続いて、白は2の石を取られたくはない!ということで、

ハサミに一間トビ10
黒の厚み・白の実利のワカレ

白6から12まで動いて根拠を作ります。白地もそれなりに大きくなりました。
それならばということで、黒は13とケイマして、厚みを形成します。
黒の厚み、白の実利のワカレで、部分的に互角進行です。
しかしこの定石は、周囲の状況によって、良しあしが格段に違ってきます。

トビが有力な局面

ハサミに一間トビ11
三連星と連動して厚みが働き有力!

このように、右辺に三連星の構えがある場合は、黒1から5の定石が有力です。
黒13までの左辺の厚みが、右辺の黒模様と連動して気持ちいいですね!
また、黒13に白は、△との繋がりを重視して、白14やaと守るのが相場です。
それなら続いて、黒15などと大場に先行しながら、左辺の厚みがより働いてきます。

トビが相応しくない場面

ハサミに一間トビ12
黒の厚みが働きにくい

このような場面で、黒3から5と打つのは、白12までとなり、
少し黒に不満が残るかもしれません。
というのも、この局面は石が各所に分散しており、
尚且つ、右辺に△の構えがあるため、黒の厚みが働きにくいのです。
このような場面であれば、

ハサミに一間トビ13
積極的な打ち方

定石ではないですが、黒5とハサミを打ち、戦う変化もあるでしょう。
他に黒は弱い石がないので、十分戦えます。積極的な手法です。
簡明に打つのであれば、

ハサミに一間トビ14
三々もやはりオススメ!

黒3から11まで三々に入り陣地を稼ぐのもやはりオススメ!
この局面だと、黒が四隅を占めているので、
地で先行
することができそうですね。

定石後の狙い

ハサミに一間トビ15
左辺黒の定石には少し隙がある

この定石には、黒に少しだけ隙があります。この場面で考えてみましょう。
白が隙を突くとしたら、どこだと思いますか?

ハサミに一間トビ16
白1の割り込みが白の狙い

白からは1の割り込みがちょっとした狙いになります。

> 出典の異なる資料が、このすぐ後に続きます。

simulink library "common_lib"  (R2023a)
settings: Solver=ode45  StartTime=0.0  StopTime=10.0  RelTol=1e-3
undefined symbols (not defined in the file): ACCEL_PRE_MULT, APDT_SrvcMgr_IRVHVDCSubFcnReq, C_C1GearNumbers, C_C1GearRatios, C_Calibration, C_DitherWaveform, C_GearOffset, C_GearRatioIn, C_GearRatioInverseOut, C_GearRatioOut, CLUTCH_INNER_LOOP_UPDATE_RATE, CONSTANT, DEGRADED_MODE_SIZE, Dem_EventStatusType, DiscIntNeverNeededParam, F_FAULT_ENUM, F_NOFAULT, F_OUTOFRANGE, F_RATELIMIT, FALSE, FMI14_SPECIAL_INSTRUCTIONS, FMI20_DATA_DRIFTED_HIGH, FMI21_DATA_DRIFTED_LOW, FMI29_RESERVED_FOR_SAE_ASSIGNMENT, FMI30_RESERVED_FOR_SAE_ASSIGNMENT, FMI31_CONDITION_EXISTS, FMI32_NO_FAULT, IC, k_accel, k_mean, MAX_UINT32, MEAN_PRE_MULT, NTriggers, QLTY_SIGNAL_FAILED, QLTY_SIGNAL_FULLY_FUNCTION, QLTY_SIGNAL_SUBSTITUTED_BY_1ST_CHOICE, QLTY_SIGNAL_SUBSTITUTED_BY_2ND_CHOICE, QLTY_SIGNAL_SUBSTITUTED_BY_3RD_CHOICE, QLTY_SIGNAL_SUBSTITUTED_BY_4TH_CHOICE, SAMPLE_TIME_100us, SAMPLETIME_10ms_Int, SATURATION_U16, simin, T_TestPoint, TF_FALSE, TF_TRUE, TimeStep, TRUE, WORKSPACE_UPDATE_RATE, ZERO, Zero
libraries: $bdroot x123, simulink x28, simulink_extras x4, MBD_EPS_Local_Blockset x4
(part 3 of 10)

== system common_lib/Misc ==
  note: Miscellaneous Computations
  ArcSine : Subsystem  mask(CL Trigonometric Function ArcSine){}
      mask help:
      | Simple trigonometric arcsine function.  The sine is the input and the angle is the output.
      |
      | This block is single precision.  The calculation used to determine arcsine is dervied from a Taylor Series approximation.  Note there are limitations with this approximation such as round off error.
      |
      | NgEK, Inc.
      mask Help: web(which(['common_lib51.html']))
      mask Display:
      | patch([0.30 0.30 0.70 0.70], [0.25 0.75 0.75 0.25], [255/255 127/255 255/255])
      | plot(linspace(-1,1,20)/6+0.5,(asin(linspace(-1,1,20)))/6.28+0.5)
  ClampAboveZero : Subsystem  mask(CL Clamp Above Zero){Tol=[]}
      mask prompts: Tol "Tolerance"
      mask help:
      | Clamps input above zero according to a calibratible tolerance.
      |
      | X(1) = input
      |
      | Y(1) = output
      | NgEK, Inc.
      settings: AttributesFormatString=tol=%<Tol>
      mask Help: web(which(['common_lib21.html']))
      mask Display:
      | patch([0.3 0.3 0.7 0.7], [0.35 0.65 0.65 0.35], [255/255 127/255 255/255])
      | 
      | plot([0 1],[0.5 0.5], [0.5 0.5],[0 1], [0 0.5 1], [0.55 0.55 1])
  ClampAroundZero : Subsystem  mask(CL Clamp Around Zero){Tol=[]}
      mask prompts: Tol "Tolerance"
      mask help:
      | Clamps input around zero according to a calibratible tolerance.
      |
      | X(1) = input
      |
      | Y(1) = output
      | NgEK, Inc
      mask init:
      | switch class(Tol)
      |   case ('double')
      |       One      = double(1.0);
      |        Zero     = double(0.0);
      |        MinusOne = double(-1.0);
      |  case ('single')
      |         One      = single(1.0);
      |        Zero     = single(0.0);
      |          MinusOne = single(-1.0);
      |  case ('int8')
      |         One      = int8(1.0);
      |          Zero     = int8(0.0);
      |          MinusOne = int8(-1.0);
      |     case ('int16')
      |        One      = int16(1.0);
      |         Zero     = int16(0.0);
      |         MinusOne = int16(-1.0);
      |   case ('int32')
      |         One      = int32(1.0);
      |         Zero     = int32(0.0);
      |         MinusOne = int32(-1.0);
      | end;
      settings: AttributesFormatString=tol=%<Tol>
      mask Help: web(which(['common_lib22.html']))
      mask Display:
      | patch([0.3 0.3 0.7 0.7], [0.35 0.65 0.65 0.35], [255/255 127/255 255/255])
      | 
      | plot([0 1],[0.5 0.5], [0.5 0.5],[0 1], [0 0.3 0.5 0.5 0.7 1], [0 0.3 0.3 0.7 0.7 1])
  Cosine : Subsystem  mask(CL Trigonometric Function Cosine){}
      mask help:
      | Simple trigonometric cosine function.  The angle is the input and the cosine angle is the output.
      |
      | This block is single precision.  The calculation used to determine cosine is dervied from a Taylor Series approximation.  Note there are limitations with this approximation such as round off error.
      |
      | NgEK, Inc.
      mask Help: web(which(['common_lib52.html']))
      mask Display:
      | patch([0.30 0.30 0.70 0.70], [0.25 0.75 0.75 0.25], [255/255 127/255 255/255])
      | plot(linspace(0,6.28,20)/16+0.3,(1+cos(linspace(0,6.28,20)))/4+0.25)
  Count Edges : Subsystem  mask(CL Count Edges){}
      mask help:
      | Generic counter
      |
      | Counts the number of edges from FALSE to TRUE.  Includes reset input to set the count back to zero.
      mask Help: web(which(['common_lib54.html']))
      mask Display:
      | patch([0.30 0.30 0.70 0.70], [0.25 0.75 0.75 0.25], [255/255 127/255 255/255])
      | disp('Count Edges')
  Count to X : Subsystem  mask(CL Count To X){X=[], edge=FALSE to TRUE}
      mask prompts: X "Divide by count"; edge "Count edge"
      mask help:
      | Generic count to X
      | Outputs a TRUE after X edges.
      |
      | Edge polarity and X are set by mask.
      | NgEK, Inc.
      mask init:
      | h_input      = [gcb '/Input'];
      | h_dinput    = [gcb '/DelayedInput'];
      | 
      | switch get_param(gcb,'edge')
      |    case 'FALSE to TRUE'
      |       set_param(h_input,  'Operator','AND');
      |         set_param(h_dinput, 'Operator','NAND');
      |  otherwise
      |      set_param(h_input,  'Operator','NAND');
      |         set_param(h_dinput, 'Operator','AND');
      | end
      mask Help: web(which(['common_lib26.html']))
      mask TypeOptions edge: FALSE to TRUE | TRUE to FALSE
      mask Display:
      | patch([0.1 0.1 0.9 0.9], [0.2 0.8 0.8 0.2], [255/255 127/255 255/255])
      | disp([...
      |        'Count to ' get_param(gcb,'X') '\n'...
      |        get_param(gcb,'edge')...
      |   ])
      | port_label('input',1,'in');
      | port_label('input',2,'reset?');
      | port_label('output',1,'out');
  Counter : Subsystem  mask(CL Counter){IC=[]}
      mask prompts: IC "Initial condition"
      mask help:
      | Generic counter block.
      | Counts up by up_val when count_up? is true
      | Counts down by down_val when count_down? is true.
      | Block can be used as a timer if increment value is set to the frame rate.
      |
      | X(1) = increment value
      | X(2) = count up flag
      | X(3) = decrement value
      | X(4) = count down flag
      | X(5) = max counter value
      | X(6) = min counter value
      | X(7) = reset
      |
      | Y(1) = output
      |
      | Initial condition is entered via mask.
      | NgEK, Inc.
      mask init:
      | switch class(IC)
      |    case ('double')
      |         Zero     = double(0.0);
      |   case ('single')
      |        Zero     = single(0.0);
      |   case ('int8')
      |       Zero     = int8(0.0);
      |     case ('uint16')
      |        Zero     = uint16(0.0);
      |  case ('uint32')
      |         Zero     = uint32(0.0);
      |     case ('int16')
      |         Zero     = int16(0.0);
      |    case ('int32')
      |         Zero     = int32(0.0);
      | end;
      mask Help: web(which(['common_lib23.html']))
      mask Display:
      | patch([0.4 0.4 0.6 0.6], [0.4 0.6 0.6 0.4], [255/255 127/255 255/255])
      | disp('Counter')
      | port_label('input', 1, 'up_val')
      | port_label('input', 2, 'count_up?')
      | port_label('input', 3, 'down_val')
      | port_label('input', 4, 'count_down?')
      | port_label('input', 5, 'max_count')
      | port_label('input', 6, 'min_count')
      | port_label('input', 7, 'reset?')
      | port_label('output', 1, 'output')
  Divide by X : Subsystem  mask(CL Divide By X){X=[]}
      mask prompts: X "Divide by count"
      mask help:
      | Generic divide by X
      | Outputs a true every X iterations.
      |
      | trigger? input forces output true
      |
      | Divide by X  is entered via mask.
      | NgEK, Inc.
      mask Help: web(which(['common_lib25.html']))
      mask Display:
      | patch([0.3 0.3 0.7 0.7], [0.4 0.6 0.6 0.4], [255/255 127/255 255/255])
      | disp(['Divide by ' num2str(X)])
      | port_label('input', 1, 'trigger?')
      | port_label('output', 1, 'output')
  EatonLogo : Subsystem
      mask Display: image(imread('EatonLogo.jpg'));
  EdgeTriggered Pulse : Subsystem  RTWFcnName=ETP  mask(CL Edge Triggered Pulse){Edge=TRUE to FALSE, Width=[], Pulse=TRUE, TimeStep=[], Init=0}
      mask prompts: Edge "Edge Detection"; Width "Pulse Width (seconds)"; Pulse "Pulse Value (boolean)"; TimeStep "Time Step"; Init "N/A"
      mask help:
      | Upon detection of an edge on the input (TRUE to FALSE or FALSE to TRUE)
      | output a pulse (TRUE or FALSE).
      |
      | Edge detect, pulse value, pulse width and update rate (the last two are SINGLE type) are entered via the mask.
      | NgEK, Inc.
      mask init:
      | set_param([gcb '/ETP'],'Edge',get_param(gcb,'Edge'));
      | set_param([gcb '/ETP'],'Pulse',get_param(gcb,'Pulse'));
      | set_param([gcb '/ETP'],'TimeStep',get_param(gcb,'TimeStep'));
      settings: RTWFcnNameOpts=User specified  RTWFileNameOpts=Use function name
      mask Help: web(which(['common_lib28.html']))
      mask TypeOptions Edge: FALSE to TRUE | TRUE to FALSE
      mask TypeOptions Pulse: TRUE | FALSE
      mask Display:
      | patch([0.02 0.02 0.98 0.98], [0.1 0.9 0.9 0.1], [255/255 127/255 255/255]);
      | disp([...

黒が頑張ってしまうと・・・

ハサミに一間トビ17
黒2は黒が危険

できれば、黒2と切って頑張りたいところです。
しかし、これは白3から7まで、黒がバラバラ事件です。
白aの切りなどもあり、黒の収集がつかなくなってしまいます。
そのため黒は、

ハサミに一間トビ18
黒は2とオサえます

黒2とオサえるよりありません。
ただ、白3にツギを打たれると、A、B、Cと三か所も傷ができてしまいました。
どうしましょう・・・

ハサミに一間トビ19
黒4は黒が危険

黒4と守るのは、白5から9まで黒が切断され困ってしまいます。
黒4は危険です。では、

ハサミに一間トビ20
黒4は更に黒6が必要になり、足が遅い

黒4のツギはどうでしょうか。
これは白も5と出るぐらいで、黒6と守ることができるので、黒は安全です。
しかし、白7など先行されてしまいます。
これは黒の足が遅く、少し黒が不満です。

ハサミに一間トビ21
黒4のツギがベスト!

黒4とこちらをツグのがよい選択です!
白に5と出られてしまいますが、ここで、黒aと守る必要はありません。
▲はすでにカス石なのです。
そうすると、黒6などの大場に黒が先行できました。
ただ、■が切り離されて、左下が大きな白地になってしまったと思う方もいるかもしれません。
安心してください!左下隅には黒bと三々に入る手が残っています。

定石後の狙いの狙い!(動画)

ハサミに一間トビ22
白1から5と切り離されても、タイミングを見て黒6に入ることができます。

白1から5と黒を切り離されて、このまま左下隅が白地なら、確かに黒が苦しいかもしれません。
しかし、タイミングを見て、黒6と三々へ入り、生きる手があるのです!
この辺りを動画にまとめましたので、下記よりご覧いただければ嬉しいです。

黒は左下隅で生きることができます

まとめ

①ハサミにはトビを打ち、厚みを作ることもできる。

②三連星など、厚みが働きそうな場面ではトビが有力!

③トビカケ定石には、少し隙があるが、あまり気にしなくてもよい。(動画をご覧ください!)

また役に立つ形を定期的にご紹介していきます。
ありがとうございました!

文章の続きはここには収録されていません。